We can build guardrails, and we probably should, but history shows that the human desire for the path of least resistance eventually clears those obstacles away. 

The only real defense is individual awareness. Authenticity is forged in friction.

When we prioritize the frictionless, the work becomes purely transactional. It stops being fun or engaging. We can crap out whatever feature or infrastructure update is requested, but there is no nutrition in that victory. If we lose the passion for building the right thing the right way at the right time, we are left with a hollow shell of a career.

Outcomes cannot be all that matter. We must realize that the value is in the journey, what you learned along the way, and who you learned it with. We have to be willing to choose the hard way. The manual, sometimes inefficient way is where the meaning lives. 
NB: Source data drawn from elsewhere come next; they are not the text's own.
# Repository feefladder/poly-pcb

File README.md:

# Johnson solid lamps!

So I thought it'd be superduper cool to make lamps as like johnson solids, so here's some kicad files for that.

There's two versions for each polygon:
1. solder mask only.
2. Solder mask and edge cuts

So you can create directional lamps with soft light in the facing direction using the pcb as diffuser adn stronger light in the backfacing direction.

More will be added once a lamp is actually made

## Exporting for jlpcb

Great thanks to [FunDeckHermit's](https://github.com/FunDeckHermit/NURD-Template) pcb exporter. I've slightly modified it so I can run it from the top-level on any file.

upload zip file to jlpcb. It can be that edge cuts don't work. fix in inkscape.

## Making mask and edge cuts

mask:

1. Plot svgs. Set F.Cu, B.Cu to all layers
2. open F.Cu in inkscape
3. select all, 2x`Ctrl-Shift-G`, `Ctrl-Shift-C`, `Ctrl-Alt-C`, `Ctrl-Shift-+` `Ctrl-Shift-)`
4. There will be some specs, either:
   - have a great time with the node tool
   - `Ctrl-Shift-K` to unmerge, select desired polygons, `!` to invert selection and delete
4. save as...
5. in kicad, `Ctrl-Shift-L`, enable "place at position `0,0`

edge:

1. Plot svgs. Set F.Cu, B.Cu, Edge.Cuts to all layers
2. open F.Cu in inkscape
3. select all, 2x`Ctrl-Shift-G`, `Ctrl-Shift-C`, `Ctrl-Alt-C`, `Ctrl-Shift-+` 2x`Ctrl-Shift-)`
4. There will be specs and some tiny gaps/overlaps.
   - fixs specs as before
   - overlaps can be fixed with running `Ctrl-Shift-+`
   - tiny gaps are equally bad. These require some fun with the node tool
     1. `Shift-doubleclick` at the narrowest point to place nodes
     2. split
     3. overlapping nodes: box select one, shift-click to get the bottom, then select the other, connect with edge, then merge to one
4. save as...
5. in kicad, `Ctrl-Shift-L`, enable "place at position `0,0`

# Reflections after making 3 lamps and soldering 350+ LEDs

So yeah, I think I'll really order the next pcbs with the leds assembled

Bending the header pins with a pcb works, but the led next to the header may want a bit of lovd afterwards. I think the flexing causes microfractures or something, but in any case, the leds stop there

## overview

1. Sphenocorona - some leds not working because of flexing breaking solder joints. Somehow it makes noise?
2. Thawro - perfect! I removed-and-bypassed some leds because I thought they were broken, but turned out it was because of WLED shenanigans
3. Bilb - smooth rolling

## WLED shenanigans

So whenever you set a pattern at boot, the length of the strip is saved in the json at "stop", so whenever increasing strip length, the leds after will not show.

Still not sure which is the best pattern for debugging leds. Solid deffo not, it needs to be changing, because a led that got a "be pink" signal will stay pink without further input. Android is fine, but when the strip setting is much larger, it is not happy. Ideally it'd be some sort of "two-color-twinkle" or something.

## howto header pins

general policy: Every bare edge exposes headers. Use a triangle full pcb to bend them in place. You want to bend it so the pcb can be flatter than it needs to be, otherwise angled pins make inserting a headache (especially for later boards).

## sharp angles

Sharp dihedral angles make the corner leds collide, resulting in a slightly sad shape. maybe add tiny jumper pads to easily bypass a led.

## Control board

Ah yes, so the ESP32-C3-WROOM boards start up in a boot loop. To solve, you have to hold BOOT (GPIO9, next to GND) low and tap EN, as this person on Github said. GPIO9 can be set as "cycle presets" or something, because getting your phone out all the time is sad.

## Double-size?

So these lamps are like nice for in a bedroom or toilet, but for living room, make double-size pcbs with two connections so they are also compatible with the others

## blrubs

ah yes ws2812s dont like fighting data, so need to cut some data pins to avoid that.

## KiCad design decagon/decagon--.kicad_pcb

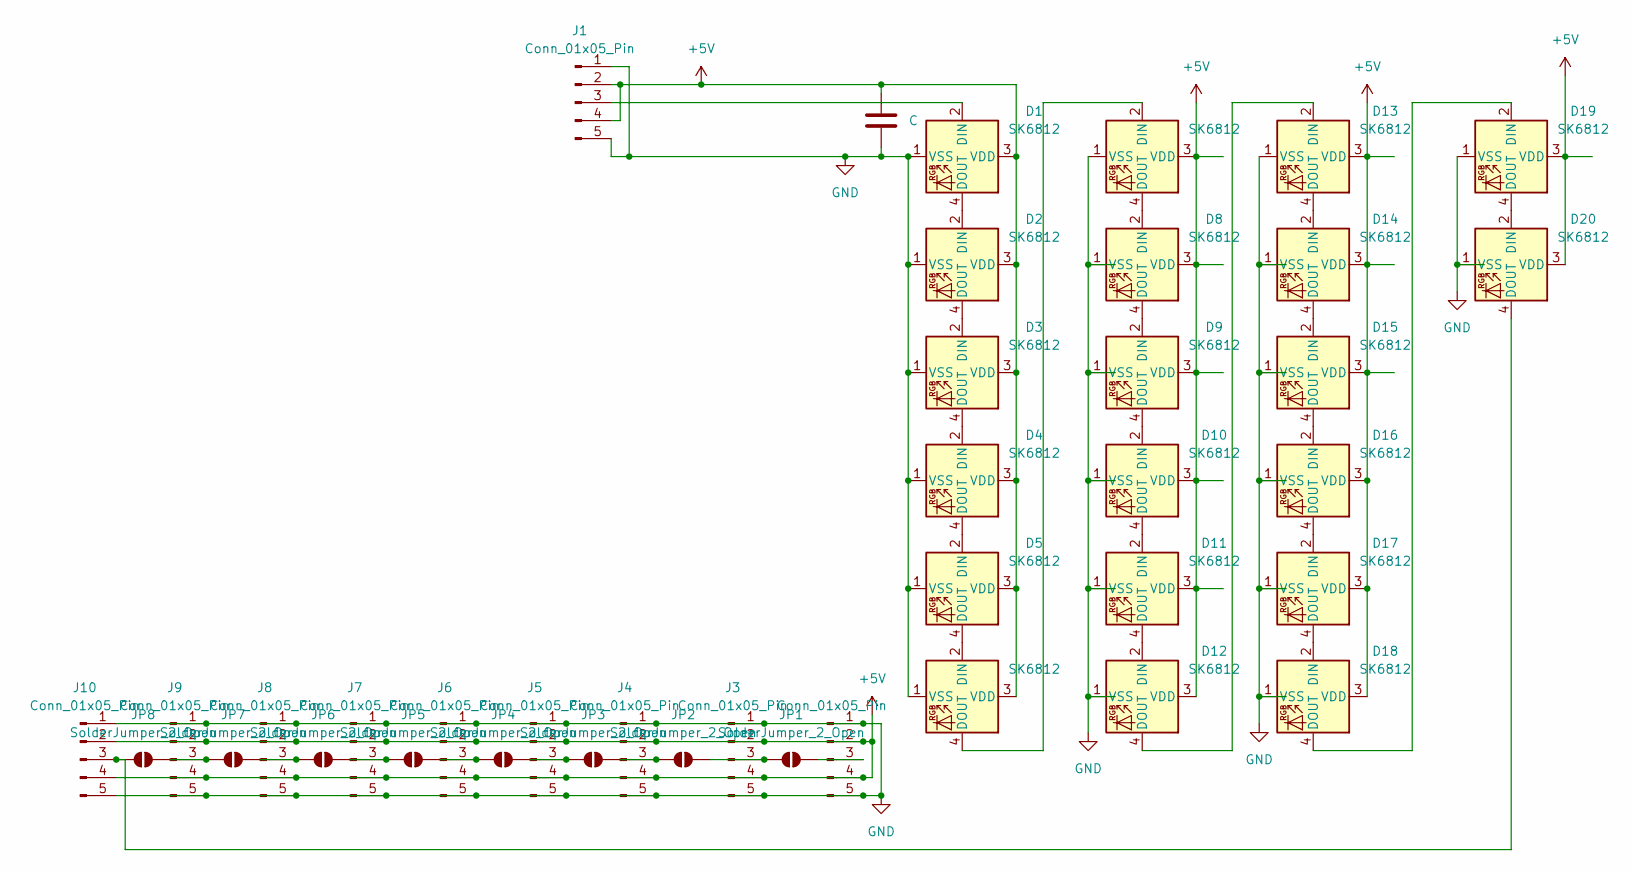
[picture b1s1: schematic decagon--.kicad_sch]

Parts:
C1: C; C_0805_2012Metric_Pad1.18x1.45mm_HandSolder
D1, D2, D3, D4, D5, D6, D7, D8, D9, D10, D11, D12, D13, D14, D15, D16, D17, D18, D19, D20: SK6812; LED_SK6812_PLCC4_5.0x5.0mm_P3.2mm
J1, J2, J3, J4, J5, J6, J7, J8, J9, J10: Conn_01x05_Pin; PinHeader_1x05_P2.54mm_Vertical
JP1, JP2, JP3, JP4, JP5, JP6, JP7, JP8: SolderJumper_2_Open; SolderJumper-2_P1.3mm_Open_RoundedPad1.0x1.5mm

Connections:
+5V: C1.2, D1.3 (VDD), D2.3 (VDD), D3.3 (VDD), D4.3 (VDD), D5.3 (VDD), D6.3 (VDD), D7.3 (VDD), D8.3 (VDD), D9.3 (VDD), D10.3 (VDD), D11.3 (VDD), D12.3 (VDD), D13.3 (VDD), D14.3 (VDD), D15.3 (VDD), D16.3 (VDD), D17.3 (VDD), D18.3 (VDD), D19.3 (VDD), D20.3 (VDD), J1.2, J1.4, J2.2, J2.4, J3.2, J3.4, J4.2, J4.4, J5.2, J5.4, J6.2, J6.4, J7.2, J7.4, J8.2, J8.4, J9.2, J9.4, J10.2, J10.4
GND: C1.1, D1.1 (VSS), D2.1 (VSS), D3.1 (VSS), D4.1 (VSS), D5.1 (VSS), D6.1 (VSS), D7.1 (VSS), D8.1 (VSS), D9.1 (VSS), D10.1 (VSS), D11.1 (VSS), D12.1 (VSS), D13.1 (VSS), D14.1 (VSS), D15.1 (VSS), D16.1 (VSS), D17.1 (VSS), D18.1 (VSS), D19.1 (VSS), D20.1 (VSS), J1.1, J1.5, J2.1, J2.5, J3.1, J3.5, J4.1, J4.5, J5.1, J5.5, J6.1, J6.5, J7.1, J7.5, J8.1, J8.5, J9.1, J9.5, J10.1, J10.5
unnamed: D1.2 (DIN), J1.3
unnamed: D1.4 (DOUT), D2.2 (DIN)
unnamed: D2.4 (DOUT), D3.2 (DIN)
unnamed: D3.4 (DOUT), D4.2 (DIN)
unnamed: D4.4 (DOUT), D5.2 (DIN)
unnamed: D5.4 (DOUT), D6.2 (DIN)
unnamed: D6.4 (DOUT), D7.2 (DIN)
unnamed: D7.4 (DOUT), D8.2 (DIN)
unnamed: D8.4 (DOUT), D9.2 (DIN)
unnamed: D9.4 (DOUT), D10.2 (DIN)
unnamed: D10.4 (DOUT), D11.2 (DIN)
unnamed: D11.4 (DOUT), D12.2 (DIN)
unnamed: D12.4 (DOUT), D13.2 (DIN)
unnamed: D13.4 (DOUT), D14.2 (DIN)
unnamed: D14.4 (DOUT), D15.2 (DIN)
unnamed: D15.4 (DOUT), D16.2 (DIN)
unnamed: D16.4 (DOUT), D17.2 (DIN)
unnamed: D17.4 (DOUT), D18.2 (DIN)
unnamed: D18.4 (DOUT), D19.2 (DIN)
unnamed: D19.4 (DOUT), D20.2 (DIN)
unnamed: D20.4 (DOUT), J10.3, JP8.1 (A)
unnamed: J2.3, JP1.2 (B)
unnamed: J3.3, JP1.1 (A), JP2.2 (B)
unnamed: J4.3, JP2.1 (A), JP3.2 (B)
unnamed: J5.3, JP3.1 (A), JP4.2 (B)
unnamed: J6.3, JP4.1 (A), JP5.2 (B)
unnamed: J7.3, JP5.1 (A), JP6.2 (B)
unnamed: J8.3, JP6.1 (A), JP7.2 (B)
unnamed: J9.3, JP7.1 (A), JP8.2 (B)

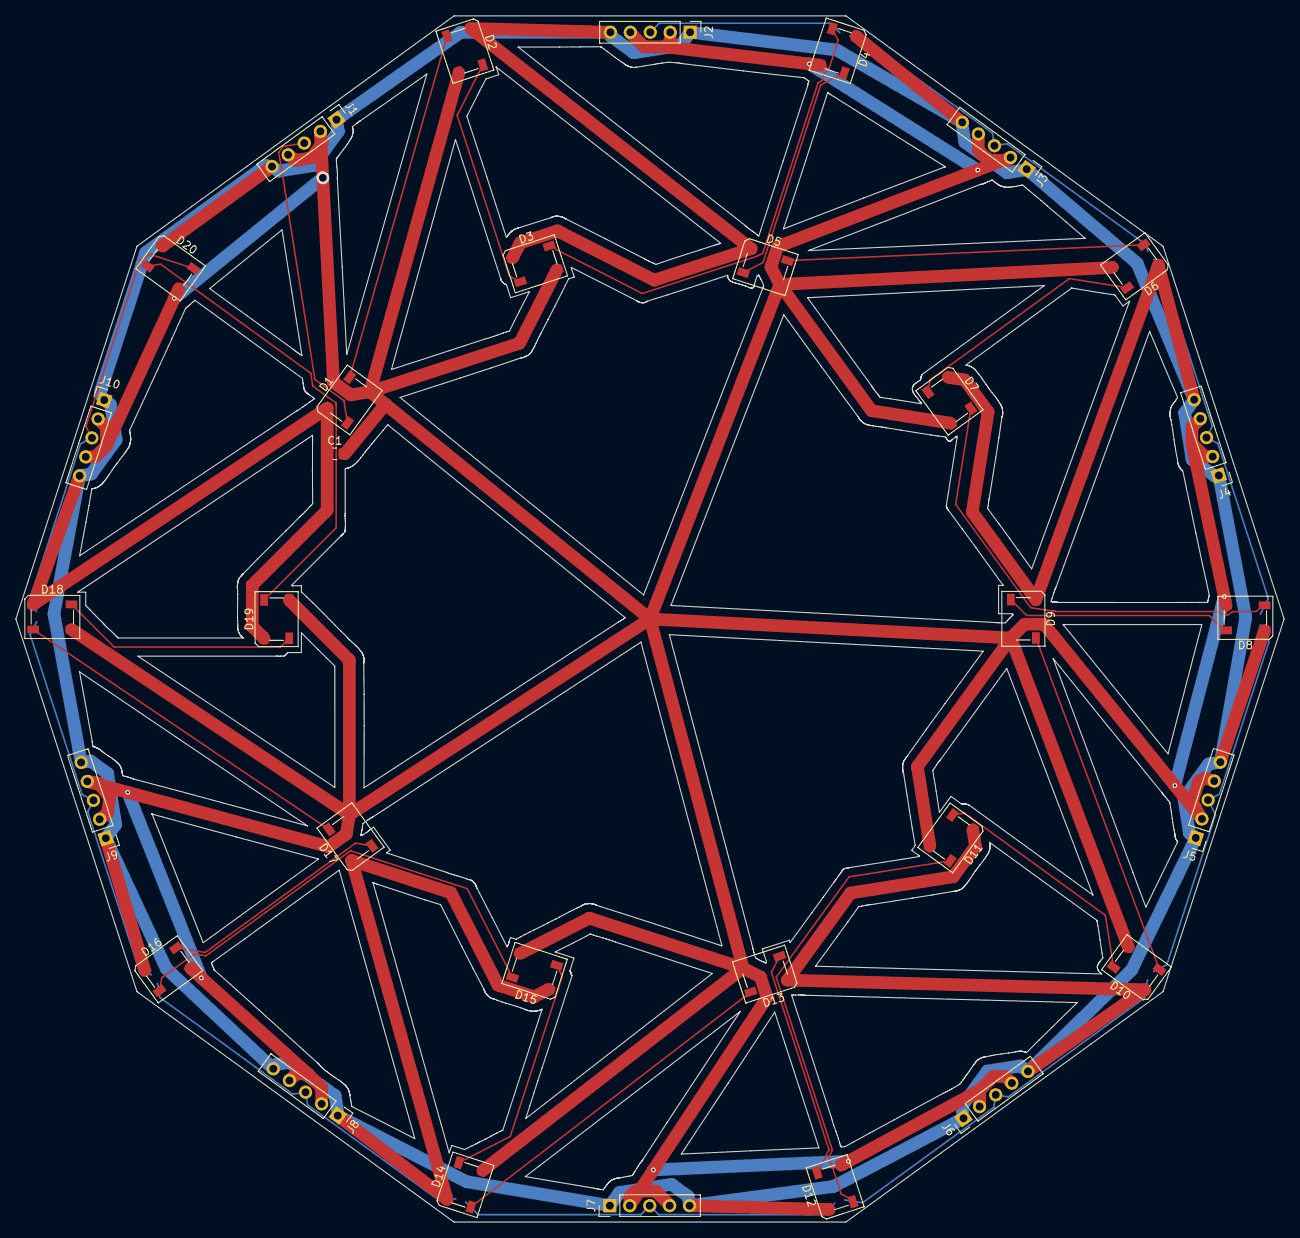
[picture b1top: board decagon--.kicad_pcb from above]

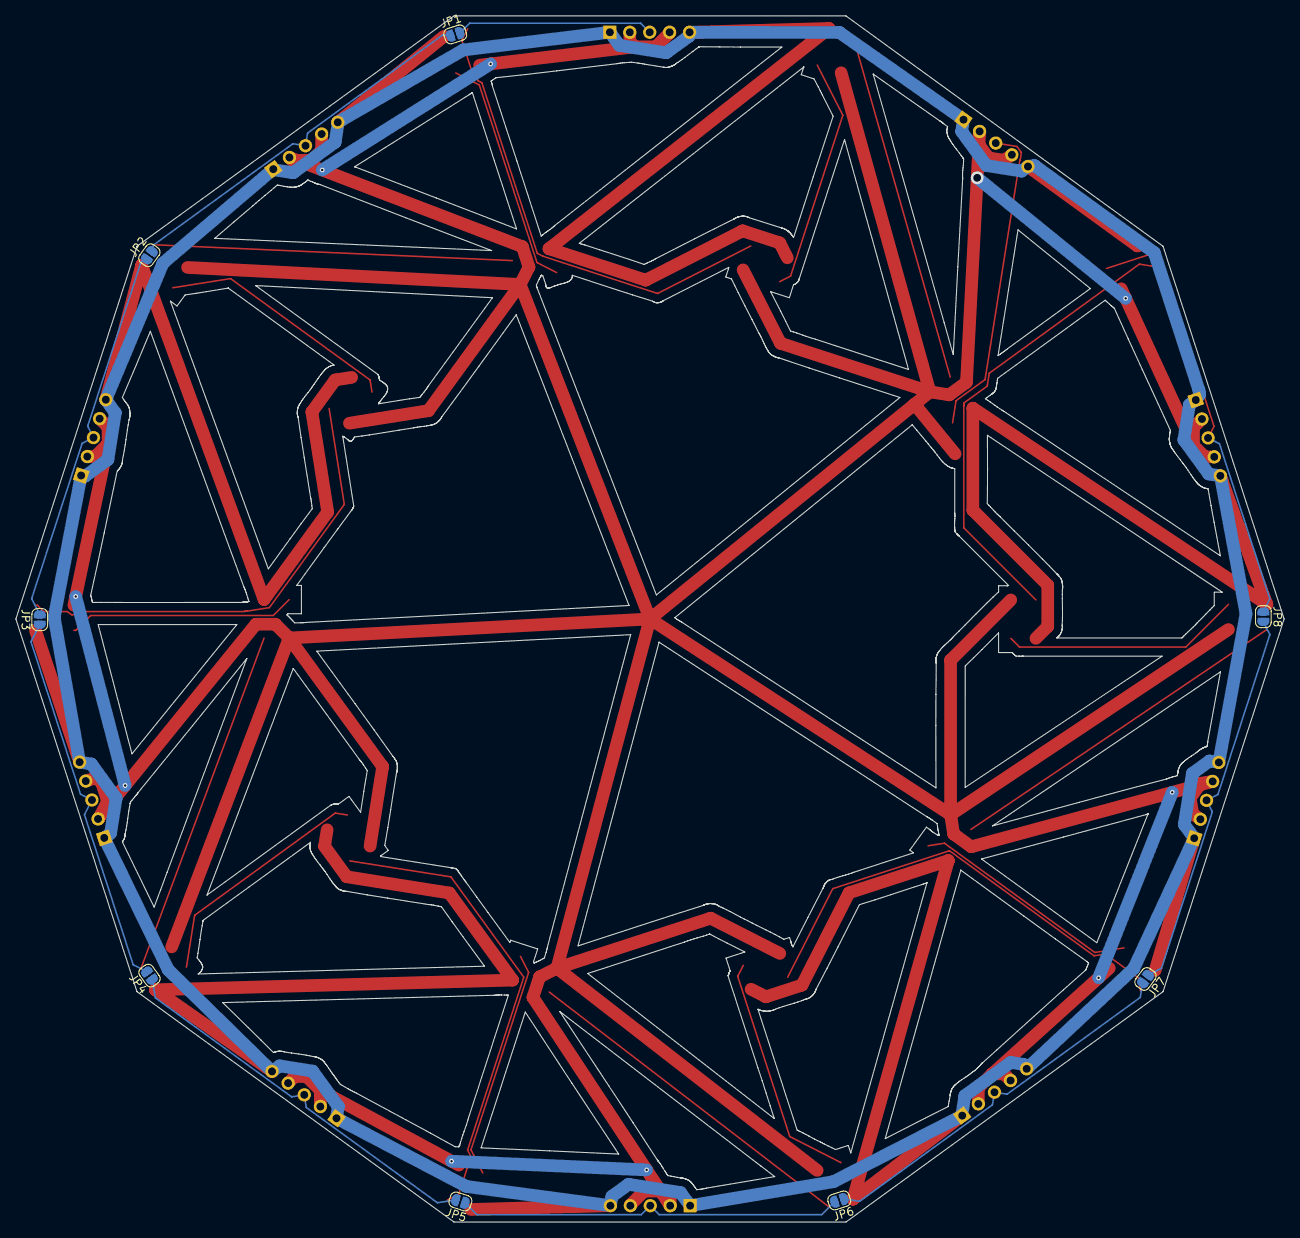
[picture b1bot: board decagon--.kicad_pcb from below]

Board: 2 copper layers, 161.7 x 153.8 mm, 39 parts (8 on the bottom side), 31 nets.

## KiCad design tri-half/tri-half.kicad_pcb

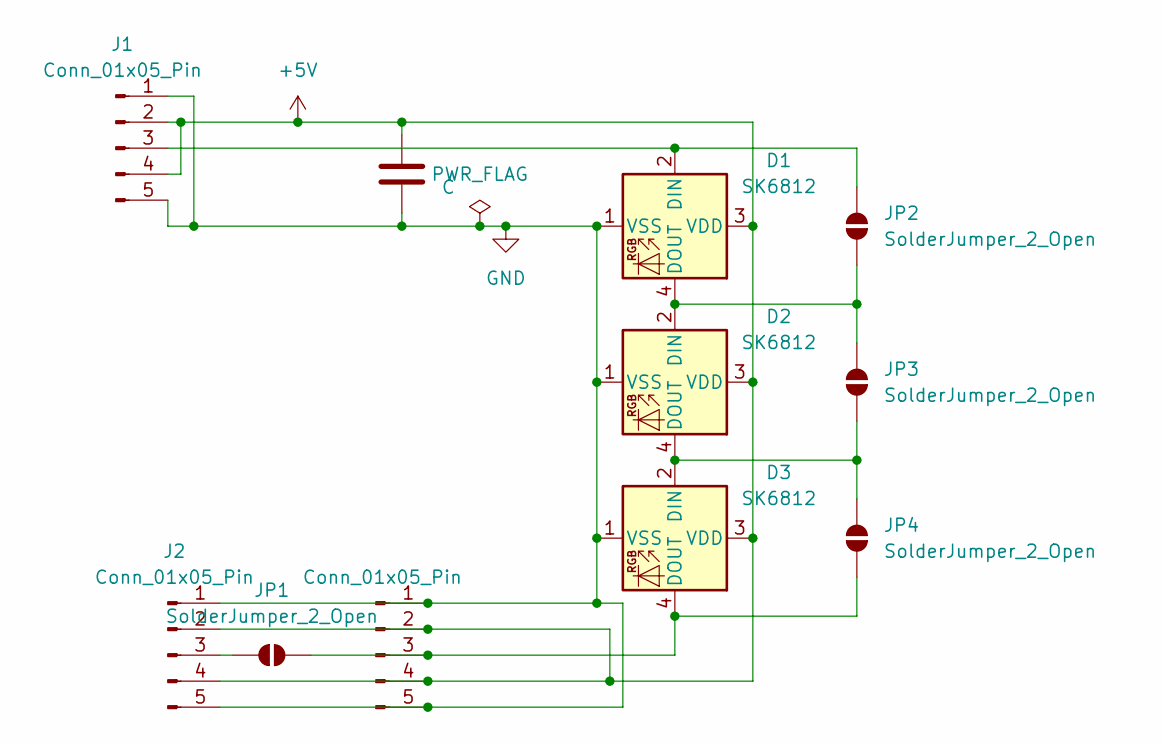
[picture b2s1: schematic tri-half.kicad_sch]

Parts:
C1: C; C_0805_2012Metric_Pad1.18x1.45mm_HandSolder
D1, D2, D3: SK6812; LED_SK6812_PLCC4_5.0x5.0mm_P3.2mm
J1, J2, J3: Conn_01x05_Pin; PinHeader_1x05_P2.54mm_Vertical
JP1: SolderJumper_2_Open; SolderJumper-2_P1.3mm_Open_Pad1.0x1.5mm
JP2, JP3, JP4: SolderJumper_2_Open; SolderJumper-2_P1.3mm_Open_RoundedPad1.0x1.5mm

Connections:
+5V: C1.1, D1.3 (VDD), D2.3 (VDD), D3.3 (VDD), J1.2, J1.4, J2.2, J2.4, J3.2, J3.4
GND: C1.2, D1.1 (VSS), D2.1 (VSS), D3.1 (VSS), J1.1, J1.5, J2.1, J2.5, J3.1, J3.5
unnamed: D1.2 (DIN), J1.3, JP2.2 (B)
unnamed: D1.4 (DOUT), D2.2 (DIN), JP2.1 (A), JP3.2 (B)
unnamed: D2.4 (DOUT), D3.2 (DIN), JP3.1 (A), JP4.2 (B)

I’m not saying renounce AI entirely. I’m just begging for some caution. My advice is to use it carefully, and responsibly. Maintain individual awareness. Use AI to understand a problem, but don’t use it to solve the problem. Don’t use it to build the solution. Don’t use it to remove the friction. Don’t expect it to have novel ideas, or create unique workflows.

Do not voluntarily hand over the keys to your creativity and expertise for the sake of convenience. If we do, we risk losing both our jobs and our meaning. We will end up with a world of broken systems, built by machines that don’t understand the goal and maintained by people who no longer remember why they wanted to be engineers in the first place.